- [Data excerpts]
____________________
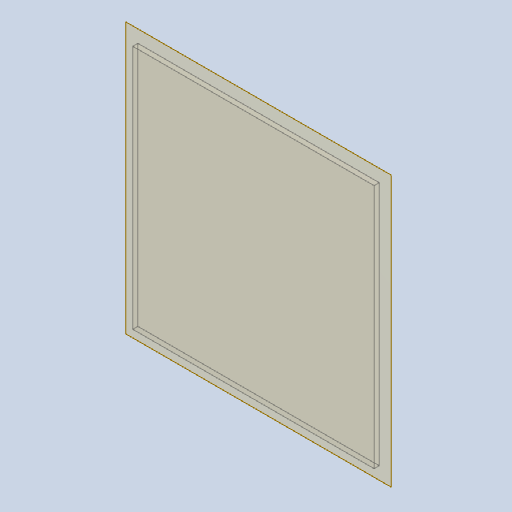
# Autodesk Inventor part: Lid
Saved by Autodesk Inventor 2022.2 (Build 262287000, 287)
## iProperties
Created: 2022-01-15
Part Number: Lid
Material: Polycarbonate, Clear
Document SubType Name: Modeling
Designer: siwat
Density: 1.2 g/cm^3
Appearance: Polycarbonate - Clear
Author: siwat
Autodesk Inventor part; units mm, degrees
ref_plane "YZ Plane" through (0, 0, 0) normal (1, 0, 0) x (0, 1, 0)
ref_plane "XZ Plane" through (0, 0, 0) normal (0, 1, 0) x (-1, 0, 0)
ref_plane "XY Plane" through (0, 0, 0) normal (0, 0, 1) x (1, 0, 0)
ref_plane "Work Plane1" through (0, 0, 0) normal (0, 0, 1) x (1, 0, 0)
sketch "Sketch1" plane through (0, 0, 0) normal (0, 0, 1) x (1, 0, 0)
  line L0 (71.2978, -72.4006) -> (-71.2977, -72.4006)
  line L1 (-71.2977, -72.4006) -> (-71.2977, 72.4006)
  line L2 (-71.2977, 72.4006) -> (71.2978, 72.4006)
  line L3 (71.2978, 72.4006) -> (71.2978, -72.4006)
  point P0 (0, 0)
  constraints: 8 end point, 2 parallel, 1 horizontal, 1 perpendicular
extrude "Extrusion1" add sketch "Sketch1" along normal blind 3
body "Solid1"
____________________
- [What needs to be done] Your answer must be an exact repeat of the records above, with the pictures left out.

- [Your response]
# Autodesk Inventor part: Lid
Saved by Autodesk Inventor 2022.2 (Build 262287000, 287)
## iProperties
Created: 2022-01-15
Part Number: Lid
Material: Polycarbonate, Clear
Document SubType Name: Modeling
Designer: siwat
Density: 1.2 g/cm^3
Appearance: Polycarbonate - Clear
Author: siwat
Autodesk Inventor part; units mm, degrees
ref_plane "YZ Plane" through (0, 0, 0) normal (1, 0, 0) x (0, 1, 0)
ref_plane "XZ Plane" through (0, 0, 0) normal (0, 1, 0) x (-1, 0, 0)
ref_plane "XY Plane" through (0, 0, 0) normal (0, 0, 1) x (1, 0, 0)
ref_plane "Work Plane1" through (0, 0, 0) normal (0, 0, 1) x (1, 0, 0)
sketch "Sketch1" plane through (0, 0, 0) normal (0, 0, 1) x (1, 0, 0)
  line L0 (71.2978, -72.4006) -> (-71.2977, -72.4006)
  line L1 (-71.2977, -72.4006) -> (-71.2977, 72.4006)
  line L2 (-71.2977, 72.4006) -> (71.2978, 72.4006)
  line L3 (71.2978, 72.4006) -> (71.2978, -72.4006)
  point P0 (0, 0)
  constraints: 8 end point, 2 parallel, 1 horizontal, 1 perpendicular
extrude "Extrusion1" add sketch "Sketch1" along normal blind 3
body "Solid1"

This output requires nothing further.